Mierau M, Drexler GA, Kutzera A, Braunschmidt K, Ellwart J, Eckardt-Schupp F, Fritz E, Bachl J, Jungnickel B - Nucleic Acids Res. (2008)

Bottom Line: The molecular basis for the differential use of these two pathways in different species is unclear.Employing a functional HR assay in human germinal centre like B cell lines, we detect elevated HR activity that can be enhanced by transcription and AID.Products of such recombination events mostly arise through non-conservative HR pathways, while the activity of conservative HR is low to absent.
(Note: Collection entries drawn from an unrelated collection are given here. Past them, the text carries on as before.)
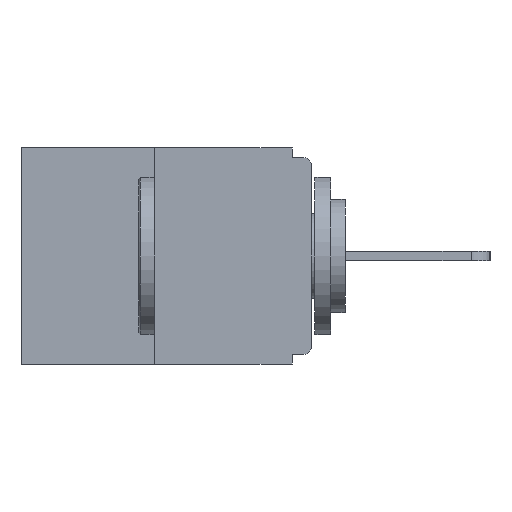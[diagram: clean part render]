
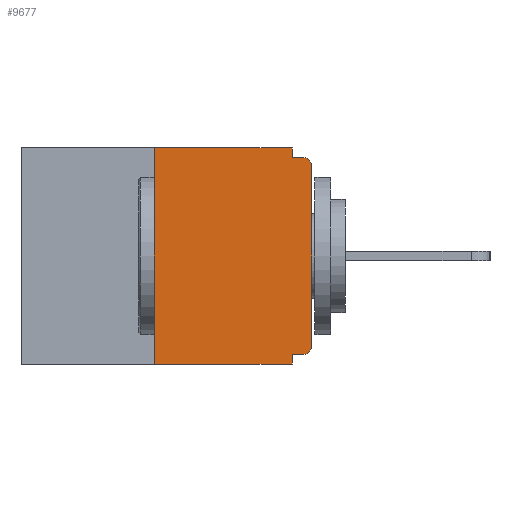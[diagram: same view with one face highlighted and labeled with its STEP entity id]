
A CAD part, left-side view. The second image highlights one B-rep face of the part: STEP entity #9677.
In plain terms, the highlighted planar face has unit normal (-1, 0, 0).
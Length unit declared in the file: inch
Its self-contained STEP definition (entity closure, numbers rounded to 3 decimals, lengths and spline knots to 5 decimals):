
#5 = VECTOR ( 'NONE', #2524, 39.37008 ) ;
#201 = VECTOR ( 'NONE', #8029, 39.37008 ) ;
#351 = EDGE_LOOP ( 'NONE', ( #2896, #9992, #2501, #7942, #8920, #2768, #10894, #2540, #6096, #4621 ) ) ;
#425 = LINE ( 'NONE', #11037, #5 ) ;
#451 = DIRECTION ( 'NONE',  ( 0., -1., 0. ) ) ;
#469 = FACE_OUTER_BOUND ( 'NONE', #351, .T. ) ;
#654 = CARTESIAN_POINT ( 'NONE',  ( 0., 0., -0.328 ) ) ;
#752 = VECTOR ( 'NONE', #10732, 39.37008 ) ;
#760 = VERTEX_POINT ( 'NONE', #10775 ) ;
#823 = EDGE_CURVE ( 'NONE', #9894, #8140, #9922, .T. ) ;
#827 = VERTEX_POINT ( 'NONE', #8096 ) ;
#910 = DIRECTION ( 'NONE',  ( 0., 0., -1. ) ) ;
#939 = VECTOR ( 'NONE', #451, 39.37008 ) ;
#1081 = AXIS2_PLACEMENT_3D ( 'NONE', #4281, #9127, #6223 ) ;
#1718 = CARTESIAN_POINT ( 'NONE',  ( 0., 0.015, -0.313 ) ) ;
#1772 = EDGE_CURVE ( 'NONE', #8972, #7027, #8194, .T. ) ;
#1897 = VERTEX_POINT ( 'NONE', #8373 ) ;
#1944 = AXIS2_PLACEMENT_3D ( 'NONE', #9437, #6791, #910 ) ;
#2027 = EDGE_CURVE ( 'NONE', #760, #12217, #6816, .T. ) ;
#2048 = DIRECTION ( 'NONE',  ( 0., -1., 0. ) ) ;
#2071 = CARTESIAN_POINT ( 'NONE',  ( 0., 0., -0.03 ) ) ;
#2501 = ORIENTED_EDGE ( 'NONE', *, *, #10369, .T. ) ;
#2524 = DIRECTION ( 'NONE',  ( 0., 0., 1. ) ) ;
#2540 = ORIENTED_EDGE ( 'NONE', *, *, #11841, .T. ) ;
#2617 = EDGE_CURVE ( 'NONE', #5414, #9894, #5412, .T. ) ;
#2636 = LINE ( 'NONE', #6466, #2879 ) ;
#2768 = ORIENTED_EDGE ( 'NONE', *, *, #11799, .T. ) ;
#2879 = VECTOR ( 'NONE', #5528, 39.37008 ) ;
#2896 = ORIENTED_EDGE ( 'NONE', *, *, #2027, .F. ) ;
#3311 = DIRECTION ( 'NONE',  ( -1., 0., 0. ) ) ;
#3474 = PLANE ( 'NONE',  #1081 ) ;
#3995 = LINE ( 'NONE', #8959, #752 ) ;
#4281 = CARTESIAN_POINT ( 'NONE',  ( 0., 0.46, 0. ) ) ;
#4326 = CARTESIAN_POINT ( 'NONE',  ( 0., 0., -0.015 ) ) ;
#4356 = AXIS2_PLACEMENT_3D ( 'NONE', #1718, #3311, #10868 ) ;
#4469 = DIRECTION ( 'NONE',  ( 0., 1., 0. ) ) ;
#4621 = ORIENTED_EDGE ( 'NONE', *, *, #6938, .F. ) ;
#4747 = CARTESIAN_POINT ( 'NONE',  ( 0., 0.031, -0.015 ) ) ;
#5168 = CARTESIAN_POINT ( 'NONE',  ( 0., 0.015, -0.328 ) ) ;
#5350 = CARTESIAN_POINT ( 'NONE',  ( 0., 0., 0. ) ) ;
#5412 = LINE ( 'NONE', #654, #9144 ) ;
#5414 = VERTEX_POINT ( 'NONE', #5168 ) ;
#5528 = DIRECTION ( 'NONE',  ( 0., 0., -1. ) ) ;
#5987 = CARTESIAN_POINT ( 'NONE',  ( 0., 0.031, -0.343 ) ) ;
#6096 = ORIENTED_EDGE ( 'NONE', *, *, #1772, .F. ) ;
#6223 = DIRECTION ( 'NONE',  ( 0., 0., -1. ) ) ;
#6466 = CARTESIAN_POINT ( 'NONE',  ( 0., 0.031, 0. ) ) ;
#6747 = CIRCLE ( 'NONE', #1944, 0.015 ) ;
#6791 = DIRECTION ( 'NONE',  ( -1., 0., 0. ) ) ;
#6816 = LINE ( 'NONE', #7685, #7337 ) ;
#6938 = EDGE_CURVE ( 'NONE', #12217, #8972, #2636, .T. ) ;
#7027 = VERTEX_POINT ( 'NONE', #11209 ) ;
#7337 = VECTOR ( 'NONE', #2048, 39.37008 ) ;
#7685 = CARTESIAN_POINT ( 'NONE',  ( 0., 0.46, 0. ) ) ;
#7908 = DIRECTION ( 'NONE',  ( 0., 0., -1. ) ) ;
#7942 = ORIENTED_EDGE ( 'NONE', *, *, #823, .F. ) ;
#8029 = DIRECTION ( 'NONE',  ( 0., 0., 1. ) ) ;
#8096 = CARTESIAN_POINT ( 'NONE',  ( 0., 0.25, -0.343 ) ) ;
#8140 = VERTEX_POINT ( 'NONE', #10913 ) ;
#8194 = LINE ( 'NONE', #4326, #939 ) ;
#8373 = CARTESIAN_POINT ( 'NONE',  ( 0., 0., -0.313 ) ) ;
#8844 = CARTESIAN_POINT ( 'NONE',  ( 0., 0.031, -0.328 ) ) ;
#8920 = ORIENTED_EDGE ( 'NONE', *, *, #2617, .F. ) ;
#8959 = CARTESIAN_POINT ( 'NONE',  ( 0., 0.46, -0.343 ) ) ;
#8972 = VERTEX_POINT ( 'NONE', #4747 ) ;
#9115 = CIRCLE ( 'NONE', #4356, 0.015 ) ;
#9127 = DIRECTION ( 'NONE',  ( 1., 0., 0. ) ) ;
#9143 = EDGE_CURVE ( 'NONE', #827, #760, #425, .T. ) ;
#9144 = VECTOR ( 'NONE', #4469, 39.37008 ) ;
#9437 = CARTESIAN_POINT ( 'NONE',  ( 0., 0.015, -0.03 ) ) ;
#9639 = EDGE_CURVE ( 'NONE', #1897, #11198, #11987, .T. ) ;
#9677 = ADVANCED_FACE ( 'NONE', ( #469 ), #3474, .F. ) ;
#9894 = VERTEX_POINT ( 'NONE', #8844 ) ;
#9922 = LINE ( 'NONE', #5987, #11146 ) ;
#9992 = ORIENTED_EDGE ( 'NONE', *, *, #9143, .F. ) ;
#10035 = CARTESIAN_POINT ( 'NONE',  ( 0., 0.031, 0. ) ) ;
#10369 = EDGE_CURVE ( 'NONE', #827, #8140, #3995, .T. ) ;
#10732 = DIRECTION ( 'NONE',  ( 0., -1., 0. ) ) ;
#10775 = CARTESIAN_POINT ( 'NONE',  ( 0., 0.25, 0. ) ) ;
#10868 = DIRECTION ( 'NONE',  ( 0., 0., -1. ) ) ;
#10894 = ORIENTED_EDGE ( 'NONE', *, *, #9639, .T. ) ;
#10913 = CARTESIAN_POINT ( 'NONE',  ( 0., 0.031, -0.343 ) ) ;
#11037 = CARTESIAN_POINT ( 'NONE',  ( 0., 0.25, 0. ) ) ;
#11146 = VECTOR ( 'NONE', #7908, 39.37008 ) ;
#11198 = VERTEX_POINT ( 'NONE', #2071 ) ;
#11209 = CARTESIAN_POINT ( 'NONE',  ( 0., 0.015, -0.015 ) ) ;
#11799 = EDGE_CURVE ( 'NONE', #5414, #1897, #9115, .T. ) ;
#11841 = EDGE_CURVE ( 'NONE', #11198, #7027, #6747, .T. ) ;
#11987 = LINE ( 'NONE', #5350, #201 ) ;
#12217 = VERTEX_POINT ( 'NONE', #10035 ) ;
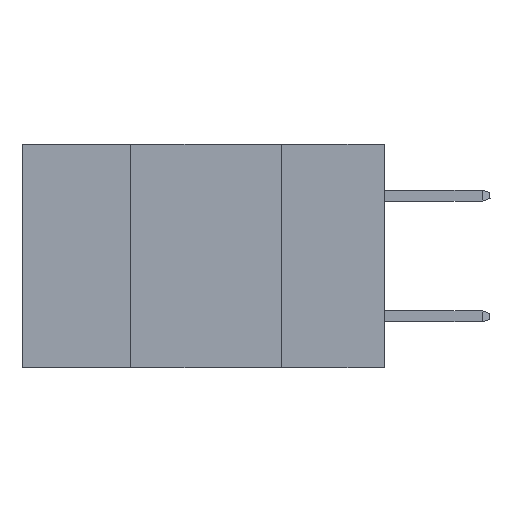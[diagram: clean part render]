
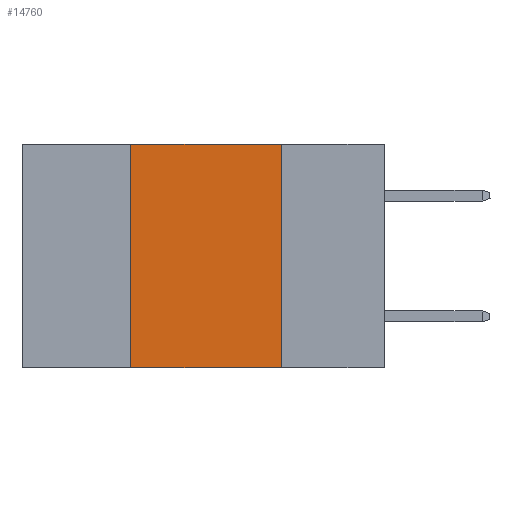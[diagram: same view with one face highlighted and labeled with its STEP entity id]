
A CAD part, left-side view. The second image highlights one B-rep face of the part: STEP entity #14760.
In plain terms, the highlighted planar face has unit normal (-1, 0, 0).
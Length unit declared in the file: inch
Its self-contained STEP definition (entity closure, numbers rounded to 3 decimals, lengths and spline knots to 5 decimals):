
#54 = LINE ( 'NONE', #14823, #1248 ) ;
#1071 = ORIENTED_EDGE ( 'NONE', *, *, #12630, .T. ) ;
#1248 = VECTOR ( 'NONE', #8306, 39.37008 ) ;
#1367 = VERTEX_POINT ( 'NONE', #11311 ) ;
#1566 = ORIENTED_EDGE ( 'NONE', *, *, #7114, .F. ) ;
#1580 = VERTEX_POINT ( 'NONE', #2949 ) ;
#1901 = CARTESIAN_POINT ( 'NONE',  ( 0., 0.42, -0.37 ) ) ;
#2280 = DIRECTION ( 'NONE',  ( 0., 0., 1. ) ) ;
#2737 = EDGE_LOOP ( 'NONE', ( #1566, #14955, #4477, #1071 ) ) ;
#2758 = CARTESIAN_POINT ( 'NONE',  ( 0., 0.17, -0.37 ) ) ;
#2822 = EDGE_CURVE ( 'NONE', #1367, #1580, #5728, .T. ) ;
#2896 = DIRECTION ( 'NONE',  ( 0., 0., -1. ) ) ;
#2917 = DIRECTION ( 'NONE',  ( 0., -1., 0. ) ) ;
#2949 = CARTESIAN_POINT ( 'NONE',  ( 0., 0.17, 0. ) ) ;
#2952 = CARTESIAN_POINT ( 'NONE',  ( 0., 0.6, 0. ) ) ;
#3183 = EDGE_CURVE ( 'NONE', #7134, #1367, #15098, .T. ) ;
#3380 = VECTOR ( 'NONE', #2280, 39.37008 ) ;
#3754 = CARTESIAN_POINT ( 'NONE',  ( 0., 0.6, 0. ) ) ;
#4282 = VECTOR ( 'NONE', #12728, 39.37008 ) ;
#4477 = ORIENTED_EDGE ( 'NONE', *, *, #3183, .F. ) ;
#5728 = LINE ( 'NONE', #3754, #4282 ) ;
#6722 = DIRECTION ( 'NONE',  ( 1., 0., 0. ) ) ;
#7114 = EDGE_CURVE ( 'NONE', #1580, #9350, #54, .T. ) ;
#7134 = VERTEX_POINT ( 'NONE', #1901 ) ;
#7384 = CARTESIAN_POINT ( 'NONE',  ( 0., 0.42, 0. ) ) ;
#8306 = DIRECTION ( 'NONE',  ( 0., 0., -1. ) ) ;
#9350 = VERTEX_POINT ( 'NONE', #2758 ) ;
#9428 = CARTESIAN_POINT ( 'NONE',  ( 0., 0.6, -0.37 ) ) ;
#11311 = CARTESIAN_POINT ( 'NONE',  ( 0., 0.42, 0. ) ) ;
#12630 = EDGE_CURVE ( 'NONE', #7134, #9350, #13034, .T. ) ;
#12728 = DIRECTION ( 'NONE',  ( 0., -1., 0. ) ) ;
#13034 = LINE ( 'NONE', #9428, #14447 ) ;
#13369 = FACE_OUTER_BOUND ( 'NONE', #2737, .T. ) ;
#14447 = VECTOR ( 'NONE', #2917, 39.37008 ) ;
#14760 = ADVANCED_FACE ( 'NONE', ( #13369 ), #15823, .F. ) ;
#14823 = CARTESIAN_POINT ( 'NONE',  ( 0., 0.17, 0. ) ) ;
#14955 = ORIENTED_EDGE ( 'NONE', *, *, #2822, .F. ) ;
#15098 = LINE ( 'NONE', #7384, #3380 ) ;
#15443 = AXIS2_PLACEMENT_3D ( 'NONE', #2952, #6722, #2896 ) ;
#15823 = PLANE ( 'NONE',  #15443 ) ;

View Article: PubMed Central - PubMed

Affiliation: Institute of Clinical Molecular Biology and Tumor Genetics, Helmholtz Center Munich, National Research Center for Environmental Health, D-81377 Munich.

ABSTRACT
During secondary immunoglobulin (Ig) diversification in vertebrates, the sequence of the variable region of Ig genes may be altered by templated or non-templated mechanisms. In both cases, cytidine deamination by activation-induced cytidine deaminase (AID) in the transcribed Ig loci leads to DNA lesions, which are repaired by conservative homologous recombination (HR) during Ig gene conversion, or by non-templated mutagenesis during somatic hypermutation. The molecular basis for the differential use of these two pathways in different species is unclear. While experimental ablation of HR in avian cells performing Ig gene conversion may promote a switch to somatic hypermutation, the activity of HR processes in intrinsically hypermutating mammalian cells has not been measured to date. Employing a functional HR assay in human germinal centre like B cell lines, we detect elevated HR activity that can be enhanced by transcription and AID. Products of such recombination events mostly arise through non-conservative HR pathways, while the activity of conservative HR is low to absent. Our results identify non-conservative HR as a novel DNA transaction pathway promoted by AID and suggest that somatic hypermutation in germinal centre B cells may be based on a physiological suppression of conservative HR.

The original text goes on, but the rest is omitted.